The whole situation thus raises a number of problems on which we must come to an early decision so that we can, as I said earlier, formulate the objectives of our policy and decide the method by which those objectives are to be attained. It is also clear that the action will have to be fairly comprehensive, involving not only our defence strategy and state of preparations but also problem of internal security to deal with which we have not a moment to lose. We shall also have to deal with administrative and political problems in the weak spots along the frontier to which I have already referred. 

It is of course, impossible to be exhaustive in setting out all these problems. I am, however, giving below some of the problems which, in my opinion, require early solution and round which we have to build our administrative or military policies and measures to implement them. 

       a)    A military and intelligence appreciation of the Chinese threat to India both on the     frontier and to internal security. 

        b)   An examination of military position and such redisposition of our forces as might be necessary, particularly with the idea of guarding important routes or areas which are likely to be the subject of dispute.

           c)    An appraisement of the strength of our forces and, if necessary, reconsideration of our retrenchment plans for the Army in the light of the new threat. 

          d)   A long-term consideration of our defence needs. My own feeling is that, unless we assure our supplies of arms, ammunition and armour, we would be making our defence perpetually weak and we would not be able to stand up to the double threat of difficulties both from the west and north-west and north and north-east. 

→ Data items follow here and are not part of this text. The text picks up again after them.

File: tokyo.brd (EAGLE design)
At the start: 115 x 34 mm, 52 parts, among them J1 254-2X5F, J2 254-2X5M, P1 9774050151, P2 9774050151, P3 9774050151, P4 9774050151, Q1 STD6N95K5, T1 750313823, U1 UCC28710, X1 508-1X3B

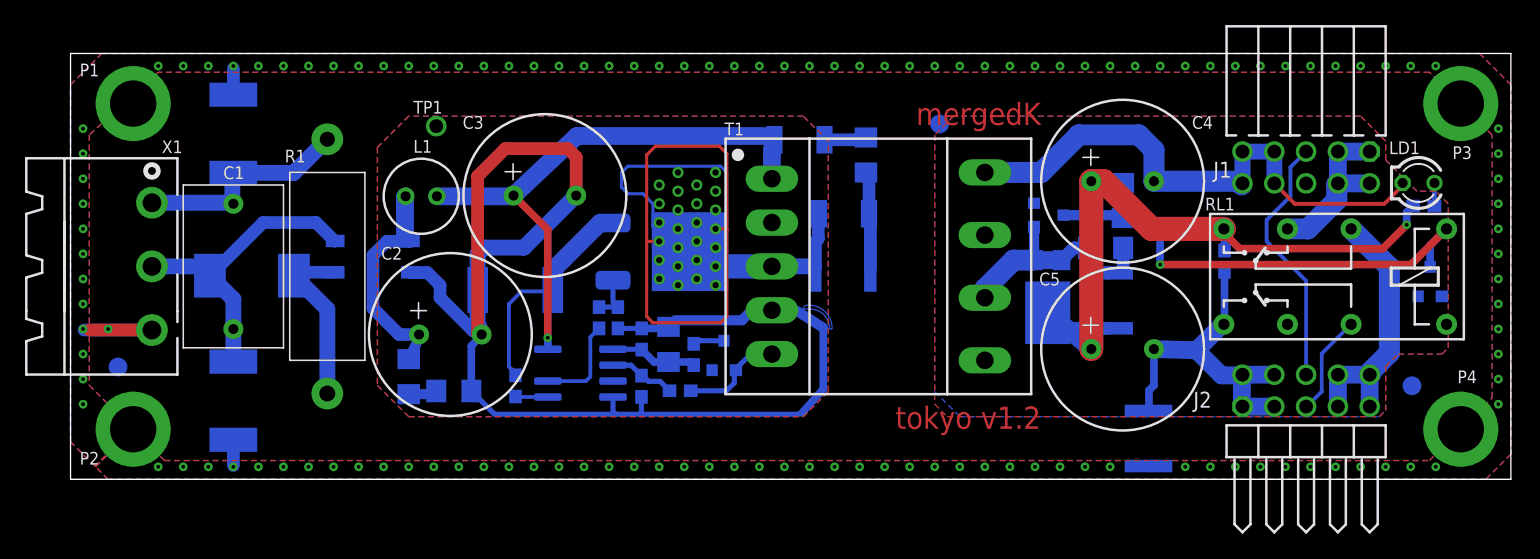
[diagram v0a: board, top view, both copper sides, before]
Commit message: Removed relais, added choke, added dissipation area for output diode, added minimum load circuiRemoved relais, added choke, added dissipation area for output diode, added minimum load circuit.
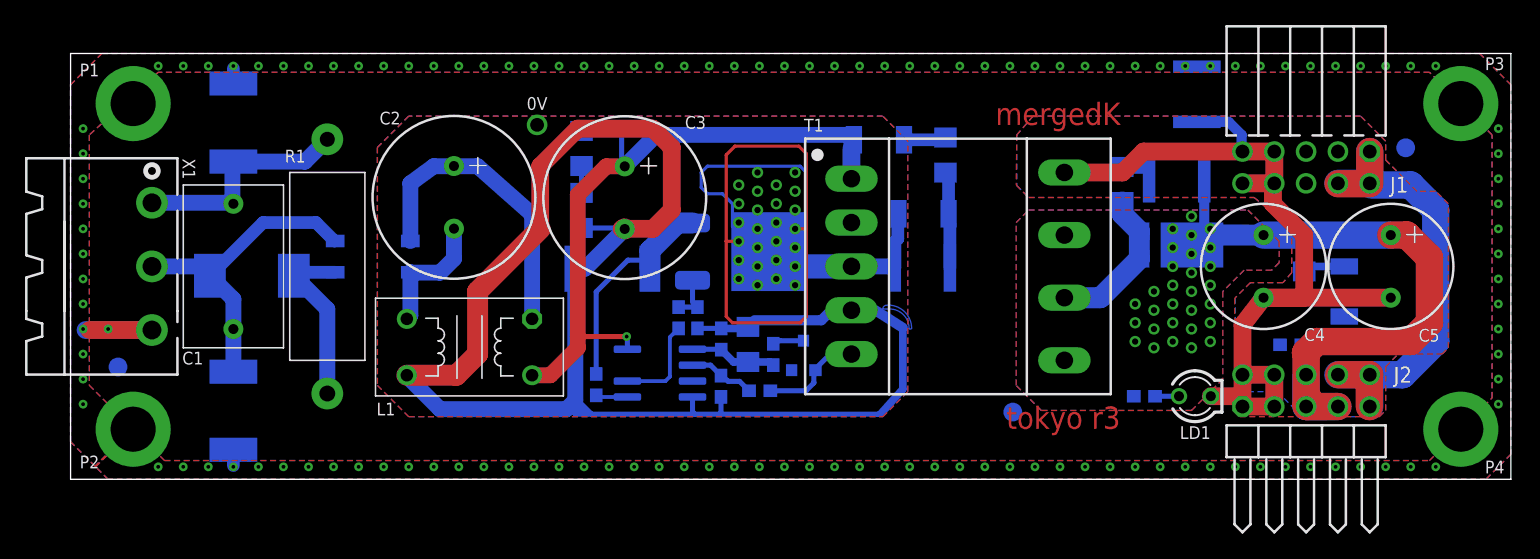
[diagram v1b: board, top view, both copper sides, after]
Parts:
- removed C14: 2200p/250V, capacitors:2211
- removed D8: SMCJ400CA, supressors:DO-214AB
- removed RL1: V23105, relais:V23105
- removed TP1: TESTPOINT, unsorted:TESTPOINT
- added 0V: TESTPOINT, unsorted:TESTPOINT
- added R14: 332k, resistors:1206
- C10: value 1n/2kV -> 10u/50v; device capacitors:1812 -> capacitors:1206
- C11: value 10u/50v -> 100n; device capacitors:1206 -> capacitors:0603
- C12: value 100n -> 2200p/250V; device capacitors:0603 -> capacitors:2211
- C4, C5: value 1800u -> 1500u; device capacitors:D13 -> capacitors:D10
- C8: value 22u -> 1n/2kv; device capacitors:1206 -> capacitors:1812
- C9: value 1n/2kv -> 1n/2kV
- D1: value BAS21 -> 1SMB5919BT3G; device diodes:SOT23 -> diodes:DO-214AA
- D2: value BAS21 -> PDS1040L; device diodes:SOT23 -> diodes:POWERDI5
- D3: value PDS1040L -> SMBJ85A; device diodes:POWERDI5 -> supressors:DO-214AA
- D4: value SMBJ85A -> MURS360S; device supressors:DO-214AA -> diodes:DO-214AA
- D5: value MURS360S -> BAS21; device diodes:DO-214AA -> diodes:SOT23
- D6: value BAS21 -> HD06; device diodes:SOT23 -> diodes:MINIDIP
- D7: value HD06 -> SMCJ400CA; device diodes:MINIDIP -> supressors:DO-214AB
- L1: value 7447462471 -> 744821150; device powermagnetics:7447462471 -> powermagnetics:744821150
- R10: value 1k -> 10
- R12: value 332k -> 1k; device resistors:1206 -> resistors:0603
- R2: value 1k -> 1; device resistors:0603 -> resistors:1206
- R3: value 39 -> 1k; device resistors:1206 -> resistors:0603
- R4: value 130 -> 39
- R5: value 39 -> 130; device resistors:0603 -> resistors:1206
- R6: value 121k -> 39
- R7: value 24k9 -> 121k
- R8: value 10k -> 24k9
- R9: value 10 -> 10k
- moved C12 33.1 mm to (13.0, 5.47), turned to 270 degrees
- moved D6 29.1 mm to (24.1, 17.8), turned to 90 degrees
- moved C7 27.7 mm to (89.9, 30.7), turned to 90 degrees
- moved R5 25.6 mm to (69.9, 25.9), turned to 270 degrees
- moved LD1 24.7 mm to (89.8, 6.64), turned to 0 degrees
- moved FIDUCIAL2 23.7 mm to (75.2, 5.37)
- moved C5 22.4 mm to (105.4, 17.0), turned to 0 degrees
- moved C13 22.2 mm to (13.0, 28.5)
- moved R4 20.6 mm to (84.0, 23.5), turned to 90 degrees
- moved R13 19.1 mm to (40.8, 21.5)
- moved FIDUCIAL1 19.0 mm to (106.6, 26.5)
- moved D5 17.2 mm to (58.5, 9.89), turned to 0 degrees
- moved C9 15.1 mm to (68.0, 16.9), turned to 0 degrees
- moved R10 14.1 mm to (48.5, 12.9)
- moved C4 13.1 mm to (95.2, 17.0), turned to 0 degrees
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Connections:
- removed net N$19: J2.10, J2.7, J2.8, J2.9, RL1.4
- removed net N$22: J1.5, J2.6
- removed net N$27: C8.1, D1.3, D2.3, RL1.1
- new net N$20: C2.2, D6.2, L1.4
- net +5V/1: now also C8.2, D2.P$3, J2.5, J2.6, J2.7, R3.1; no longer C9.2, D3.P$3, RL1.8
- net +5V/2: now also J2.10, J2.8, J2.9; no longer J1.3, RL1.6
- net 0V: now also 0V.P$1, C10.2, L1.3, R13.2, R8.2, R9.1; no longer C12.2, C2.2, D7.2, R12.2, R7.2, R8.1, TP1.P$1
- net 0V/1: now also D1.2; no longer C8.2, D1.1, RL1.16, RL1.9
- net EARTH: now also C12.2, C13.1; no longer C13.2, C14.1
- net N$1: now also C13.2; no longer C14.2
- net N$10: now also D4.2, R5.1; no longer D5.2, R4.1
- net N$11: now also C9.2, D3.1; no longer C10.2, D4.1
- net N$12: now also R12.2; no longer R10.2
- net N$13: now also R12.1; no longer R10.1
- net N$14: now also R10.2; no longer R8.2
- net N$15: now also C10.1, R6.1; no longer C12.1, R5.1
- net N$16: now also D1.1, R2.2; no longer R12.1, R13.2
- net N$17: now also C9.1, D3.2, R5.2; no longer C10.1, D4.2, R4.2
- net N$18: now also R7.2, R8.1; no longer R6.2, R7.1
- net N$2: now also C12.1, D6.4, D7.P$1; no longer C13.1, D7.4, D8.P$1
- net N$21: now also C2.1, D6.1, L1.1; no longer J2.5, RL1.13
- net N$23: now also R10.1; no longer R9.1
- net N$26: now also D5.3, R6.2; no longer D6.3, R5.2
- net N$3: now also D5.1, R7.1; no longer D6.1, R6.1
- net N$4: now also D6.3, D7.P$2; no longer D7.3, D8.P$2
- net N$5: now also R3.2; no longer R2.2
- net N$6: now also C8.1, R4.2; no longer C9.1, R3.2
- net N$7: now also R14.2; no longer C2.1, D7.1, L1.1
- net N$8: now also D2.P$1, D2.P$2, R4.1; no longer D2.1, D3.P$1, D3.P$2, R3.1
- net N$9: now also D4.1, R14.1; no longer D5.1
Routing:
- net N$27: track 38.4 -> 0.00 mm, vias 1 -> 0
- net +5V/2: track 13.9 -> 43.3 mm
- net 0V: track 109.8 -> 136.4 mm
- net N$19: track 23.7 -> 0.00 mm
- net N$22: track 20.4 -> 0.00 mm
- net N$7: track 18.7 -> 2.14 mm
- net N$21: track 8.09 -> 24.6 mm
- net N$20: track 0.00 -> 10.2 mm
- net N$9: track 45.5 -> 55.5 mm
- net +5V/1: track 55.2 -> 61.3 mm, vias 1 -> 29
- net EARTH: track 15.7 -> 14.7 mm, vias 127 -> 129
- net N$16: track 2.26 -> 3.28 mm
- net 0V/1: track 72.1 -> 71.2 mm
- net N$2: track 24.9 -> 25.7 mm
- net N$6: track 3.57 -> 2.98 mm
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- added copper zone on layer 1, net +5V/1
- added copper zone on layer 16, net +5V/1
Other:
- board text added: "tokyo r3"
- board text removed: "tokyo v1.2"

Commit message: Libraries updated.
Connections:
- net +5V/1: now also D2.3; no longer D2.P$3
- net N$8: now also D2.1, D2.2; no longer D2.P$1, D2.P$2
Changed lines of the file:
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@@
 <setting verticaltext="up"/>
 </settings>
-<grid distance="0.5" unitdist="mm" unit="mm" style="lines" multiple="1" display="yes" altdistance="0.1" altunitdist="mm" altunit="mm"/>
+<grid distance="0.05" unitdist="inch" unit="mm" style="lines" multiple="1" display="no" altdistance="0.025" altunitdist="inch" altunit="mm"/>
 <layers>
 <layer number="1" name="Top" color="4" fill="1" visible="yes" active="yes"/>
@@
 <signal name="N$8">
 <contactref element="R4" pad="1"/>
-<contactref element="D2" pad="P$1"/>
-<contactref element="D2" pad="P$2"/>
+<contactref element="D2" pad="1"/>
+<contactref element="D2" pad="2"/>
 <contactref element="T1" pad="7"/>
 <wire x1="79.35" y1="14.5" x2="82.229" y2="14.5" width="1.6764" layer="16"/>
@@
 <contactref element="C6" pad="1"/>
 <contactref element="C8" pad="2"/>
-<contactref element="D2" pad="P$3"/>
+<contactref element="D2" pad="3"/>
 <wire x1="89.537" y1="18.708" x2="90.152" y2="19.508" width="1.6764" layer="16"/>
 <wire x1="90.152" y1="19.508" x2="95.25" y2="19.5" width="1.6764" layer="16"/>

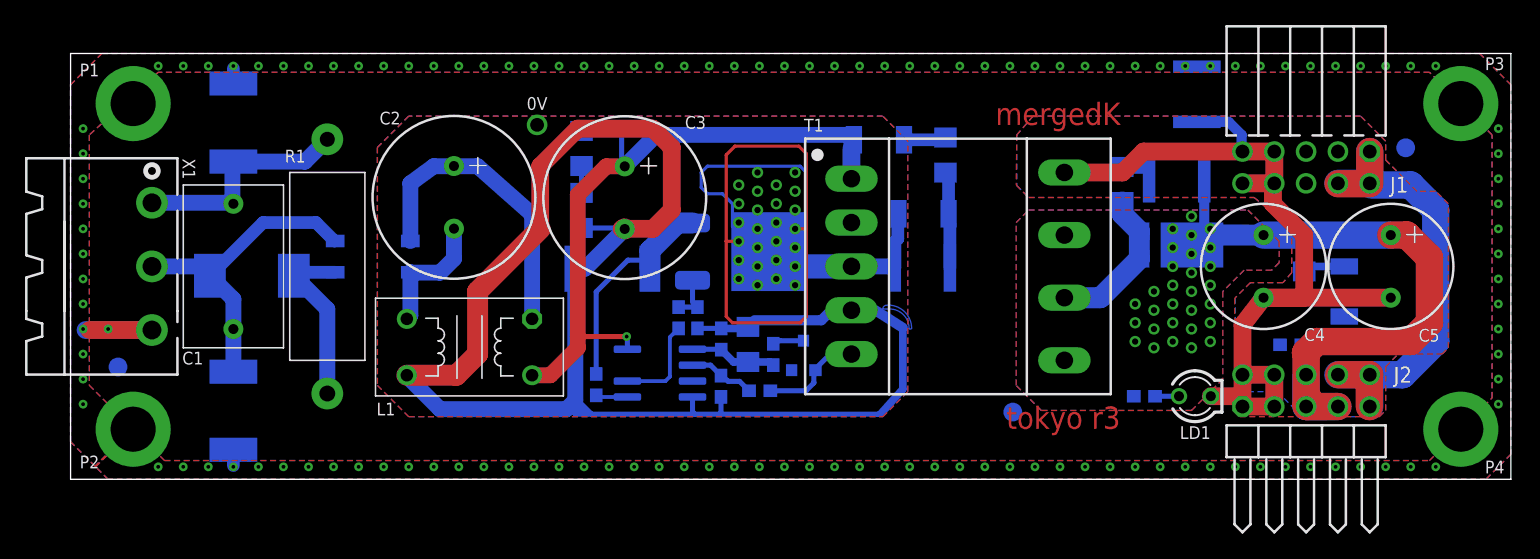
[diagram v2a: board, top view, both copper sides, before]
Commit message: New placement of mounting holes.
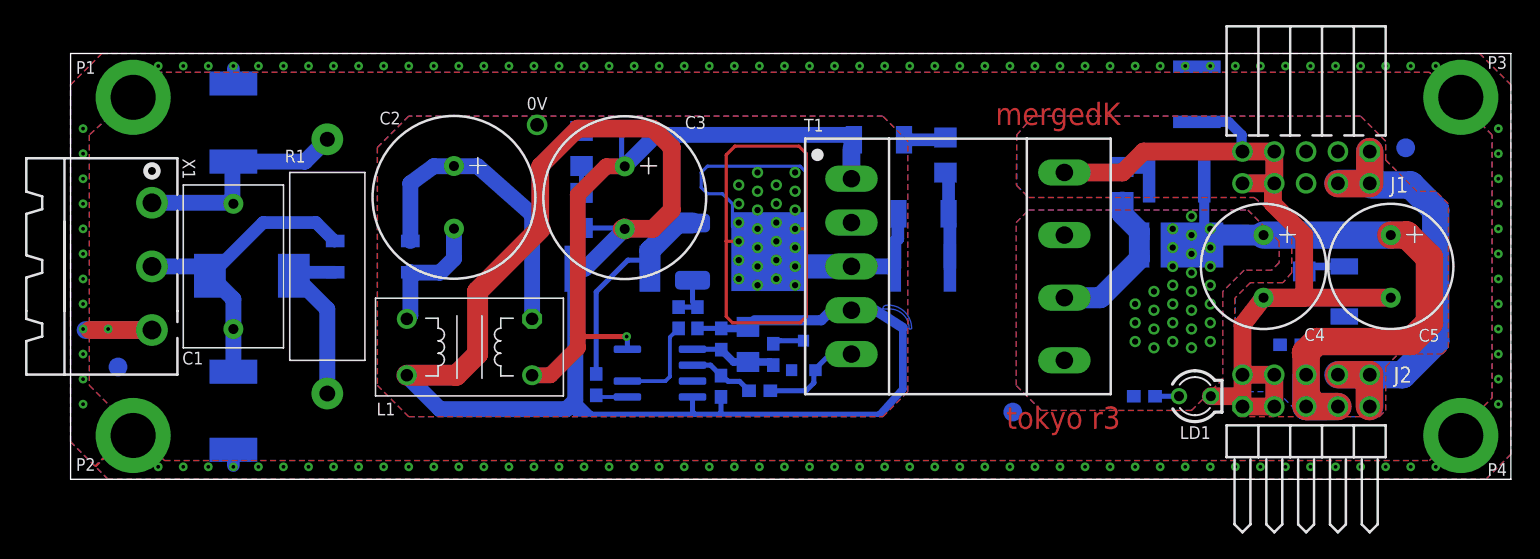
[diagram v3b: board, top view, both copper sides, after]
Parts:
- moved P1 0.50 mm to (5.00, 30.5)
- moved P2 0.50 mm to (5.00, 3.50)
- moved P3 0.50 mm to (111.0, 30.5)
- moved P4 0.50 mm to (111.0, 3.50)
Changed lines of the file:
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@@
 <setting verticaltext="up"/>
 </settings>
-<grid distance="0.05" unitdist="inch" unit="mm" style="lines" multiple="1" display="no" altdistance="0.025" altunitdist="inch" altunit="mm"/>
+<grid distance="0.5" unitdist="mm" unit="mm" style="lines" multiple="1" display="no" altdistance="0.1" altunitdist="mm" altunit="mm"/>
 <layers>
 <layer number="1" name="Top" color="4" fill="1" visible="yes" active="yes"/>
@@
 <attribute name="NAME" x="88.566" y="3.223" size="1.016" layer="25" ratio="10"/>
 </element>
-<element name="P1" library="unsorted" package="9774050151" value="9774050151" x="5" y="30" locked="yes" smashed="yes">
-<attribute name="MF#" value="977 405 015 1" x="5" y="30" size="1.778" layer="27" display="off"/>
-<attribute name="MF" value="Würth Elektronik" x="5" y="30" size="1.778" layer="27" display="off"/>
-<attribute name="NAME" x="0.73" y="32.175" size="1.016" layer="25"/>
-</element>
-<element name="P2" library="unsorted" package="9774050151" value="9774050151" x="5" y="4" locked="yes" smashed="yes">
-<attribute name="MF#" value="977 405 015 1" x="5" y="4" size="1.778" layer="27" display="off"/>
-<attribute name="MF" value="Würth Elektronik" x="5" y="4" size="1.778" layer="27" display="off"/>
-<attribute name="NAME" x="0.73" y="0.875" size="1.016" layer="25"/>
-</element>
-<element name="P3" library="unsorted" package="9774050151" value="9774050151" x="111" y="30" locked="yes" smashed="yes">
-<attribute name="MF#" value="977 405 015 1" x="111" y="30" size="1.778" layer="27" display="off"/>
-<attribute name="MF" value="Würth Elektronik" x="111" y="30" size="1.778" layer="27" display="off"/>
-<attribute name="NAME" x="112.93" y="32.675" size="1.016" layer="25"/>
-</element>
-<element name="P4" library="unsorted" package="9774050151" value="9774050151" x="111" y="4" locked="yes" smashed="yes">
-<attribute name="MF#" value="977 405 015 1" x="111" y="4" size="1.778" layer="27" display="off"/>
-<attribute name="MF" value="Würth Elektronik" x="111" y="4" size="1.778" layer="27" display="off"/>
-<attribute name="NAME" x="112.93" y="0.475" size="1.016" layer="25"/>
+<element name="P1" library="unsorted" package="9774050151" value="9774050151" x="5" y="30.5" locked="yes" smashed="yes">
+<attribute name="MF#" value="977 405 015 1" x="5" y="30.5" size="1.778" layer="27" display="off"/>
+<attribute name="MF" value="Würth Elektronik" x="5" y="30.5" size="1.778" layer="27" display="off"/>
+<attribute name="NAME" x="0.43" y="32.375" size="1.016" layer="25"/>
+</element>
+<element name="P2" library="unsorted" package="9774050151" value="9774050151" x="5" y="3.5" locked="yes" smashed="yes">
+<attribute name="MF#" value="977 405 015 1" x="5" y="3.5" size="1.778" layer="27" display="off"/>
+<attribute name="MF" value="Würth Elektronik" x="5" y="3.5" size="1.778" layer="27" display="off"/>
+<attribute name="NAME" x="0.43" y="0.675" size="1.016" layer="25"/>
+</element>
+<element name="P3" library="unsorted" package="9774050151" value="9774050151" x="111" y="30.5" locked="yes" smashed="yes">
+<attribute name="MF#" value="977 405 015 1" x="111" y="30.5" size="1.778" layer="27" display="off"/>
+<attribute name="MF" value="Würth Elektronik" x="111" y="30.5" size="1.778" layer="27" display="off"/>
+<attribute name="NAME" x="113.13" y="32.775" size="1.016" layer="25"/>
+</element>
+<element name="P4" library="unsorted" package="9774050151" value="9774050151" x="111" y="3.5" locked="yes" smashed="yes">
+<attribute name="MF#" value="977 405 015 1" x="111" y="3.5" size="1.778" layer="27" display="off"/>
+<attribute name="MF" value="Würth Elektronik" x="111" y="3.5" size="1.778" layer="27" display="off"/>
+<attribute name="NAME" x="113.13" y="0.275" size="1.016" layer="25"/>
 </element>
 <element name="Q1" library="transistors" package="DPAK" value="STD6N95K5" x="53.61" y="18.18" smashed="yes" rot="MR180">

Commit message: Revision for manufacturing.
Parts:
- C1: value 220n/275V -> 220n/275Vac; device capacitors:13X8 -> capacitors:14X8
- C12, C13: value 2200p/250V -> 2200p/250Vac
- C7, C9: value 1n/2kV -> 1000p/250Vac
- C8: value 1n/2kv -> 1000p/250Vac
- R11: value 0.5 -> 0.5/0.8W
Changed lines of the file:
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@@
 <setting verticaltext="up"/>
 </settings>
-<grid distance="0.5" unitdist="mm" unit="mm" style="lines" multiple="1" display="no" altdistance="0.1" altunitdist="mm" altunit="mm"/>
+<grid distance="1" unitdist="mm" unit="mm" style="lines" multiple="1" display="no" altdistance="0.1" altunitdist="mm" altunit="mm"/>
 <layers>
 <layer number="1" name="Top" color="4" fill="1" visible="yes" active="yes"/>
@@
 </autorouter>
 <elements>
-<element name="C1" library="capacitors" package="13X8" value="220n/275V" x="13" y="17" smashed="yes" rot="R270">
+<element name="C1" library="capacitors" package="14X8" value="220n/275Vac" x="13" y="17" smashed="yes" rot="R270">
 <attribute name="NAME" x="8.92" y="9.17" size="1.016" layer="25" ratio="10"/>
 </element>
-<element name="C7" library="capacitors" package="1812" value="1n/2kV" x="89.93" y="30.74" smashed="yes" rot="MR90">
+<element name="C7" library="capacitors" package="1812" value="1000p/250Vac" x="89.93" y="30.74" smashed="yes" rot="MR90">
 <attribute name="NAME" x="87.56" y="31.5544" size="1.016" layer="26" ratio="10" rot="MR270"/>
 </element>
-<element name="C9" library="capacitors" package="1812" value="1n/2kV" x="68.01" y="16.88" smashed="yes" rot="MR0">
+<element name="C9" library="capacitors" package="1812" value="1000p/250Vac" x="68.01" y="16.88" smashed="yes" rot="MR0">
 <attribute name="NAME" x="66.9956" y="14.61" size="1.016" layer="26" ratio="10" rot="MR180"/>
 </element>
@@
 <attribute name="NAME" x="96.9756" y="12.795" size="1.016" layer="26" ratio="10" rot="MR180"/>
 </element>
-<element name="C12" library="capacitors" package="2211" value="2200p/250V" x="13" y="5.475" smashed="yes" rot="MR270">
+<element name="C12" library="capacitors" package="2211" value="2200p/250Vac" x="13" y="5.475" smashed="yes" rot="MR270">
 <attribute name="NAME" x="9.65" y="4.435" size="1.016" layer="26" ratio="10" rot="SMR90"/>
 </element>
-<element name="C13" library="capacitors" package="2211" value="2200p/250V" x="13" y="28.485" smashed="yes" rot="MR270">
+<element name="C13" library="capacitors" package="2211" value="2200p/250Vac" x="13" y="28.485" smashed="yes" rot="MR270">
 <attribute name="NAME" x="9.65" y="27.325" size="1.016" layer="26" ratio="10" rot="SMR90"/>
 </element>
@@
 <attribute name="NAME" x="50.728" y="29.001" size="1.016" layer="25" ratio="10" rot="R180"/>
 </element>
-<element name="C8" library="capacitors" package="1812" value="1n/2kv" x="88.315" y="24.005" smashed="yes" rot="MR180">
+<element name="C8" library="capacitors" package="1812" value="1000p/250Vac" x="88.315" y="24.005" smashed="yes" rot="MR180">
 <attribute name="NAME" x="89.5194" y="26.465" size="1.016" layer="26" ratio="10" rot="SMR0"/>
 </element>
@@
 <attribute name="NAME" x="42.475" y="5.7144" size="1.016" layer="26" ratio="10" rot="MR270"/>
 </element>
-<element name="R11" library="resistors" package="2512" value="0.5" x="43.255" y="16.815" smashed="yes" rot="MR180">
+<element name="R11" library="resistors" package="2512" value="0.5/0.8W" x="43.255" y="16.815" smashed="yes" rot="MR180">
 <attribute name="NAME" x="42.465" y="14.665" size="1.016" layer="26" ratio="10" rot="MR180"/>
 </element>
@@
 <element name="L1" library="powermagnetics" package="744821150" value="744821150" x="31.85" y="10.56" smashed="yes">
 <attribute name="NAME" x="24.43" y="5.105" size="1.016" layer="25" ratio="10"/>
+<attribute name="MF#" value="744 821 150" x="31.85" y="10.56" size="1.778" layer="27" display="off"/>
+<attribute name="MF" value="Würth Elektronik" x="31.85" y="10.56" size="1.778" layer="27" display="off"/>
 </element>
 <element name="D1" library="diodes" package="DO-214AA" value="1SMB5919BT3G" x="101.7" y="15" smashed="yes" rot="MR270">
 <attribute name="NAME" x="99.446" y="14.838" size="1.016" layer="26" ratio="10" rot="SMR270"/>
+<attribute name="MOUSER#" value="863-1SMB5919BT3G" x="101.7" y="15" size="1.778" layer="28" rot="MR270" display="off"/>
+<attribute name="MF#" value="1SMB5919BT3G" x="101.7" y="15" size="1.778" layer="28" rot="MR270" display="off"/>
+<attribute name="MF" value="ON Semiconductor" x="101.7" y="15" size="1.778" layer="28" rot="MR270" display="off"/>
 </element>
 <element name="R2" library="resistors" package="1206" value="1" x="98.5" y="18" smashed="yes" rot="MR270">

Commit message: Corrected value for C10.
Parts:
- C10: value 10u/50v -> 10u/50V
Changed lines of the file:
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@@
 <attribute name="NAME" x="66.9956" y="14.61" size="1.016" layer="26" ratio="10" rot="MR180"/>
 </element>
-<element name="C10" library="capacitors" package="1206" value="10u/50v" x="54.085" y="10.77" smashed="yes" rot="MR90">
+<element name="C10" library="capacitors" package="1206" value="10u/50V" x="54.085" y="10.77" smashed="yes" rot="MR90">
 <attribute name="NAME" x="56.4044" y="13.375" size="1.016" layer="26" ratio="10" rot="MR0"/>
 </element>

         e)    The question of China's entry into the UN. In view of the rebuff which China has given us and the method which it has followed in dealing with Tibet, I am doubtful whether we can advocate its claim any longer. There would probably be a threat in the UN virtually to outlaw China, in view of its active participation in the Korean war. We must determine our attitude on this question also. 

       f)    The political and administrative steps which we should take to strengthen our northern and north-eastern frontier. This would include the whole of the border, ie. Nepal, Bhutan, Sikkim, Darjeeling and the tribal territory in Assam. 

       g)    Measures of internal security in the border areas as well as the states flanking those areas such as Uttar Pradesh, Bihar, Bengal and Assam. 

        h)    Improvement of our communication, road, rail, air and wireless, in these areas and with the frontier outposts. 

        i)     The future of our mission at Lhasa and the trade posts at Gyangtse and Yatung and the forces which we have in operation in Tibet to guard the trade routes. 

         j)    The policy in regard to the McMahon Line.

These are some of the questions which occur to my mind. It is possible that a consideration of these matters may lead us into wider question of our relationship with China, Russia, America, Britain and Burma. This, however, would be of a general nature, though some might be basically very important, e.g., we might have to consider whether we should not enter into closer association with Burma in order to strengthen the latter in its dealings with China. 

I do not rule out the possibility that, before applying pressure on us, China might apply pressure on Burma. With Burma, the frontier is entirely undefined and the Chinese territorial claims are more substantial. In its present position, Burma might offer an easier problem to China, and therefore, might claim its first attention. 

I suggest that we meet early to have a general discussion on these problems and decide on such steps as we might think to be immediately necessary and direct, quick examination of other problems with a view to taking early measures to deal with them.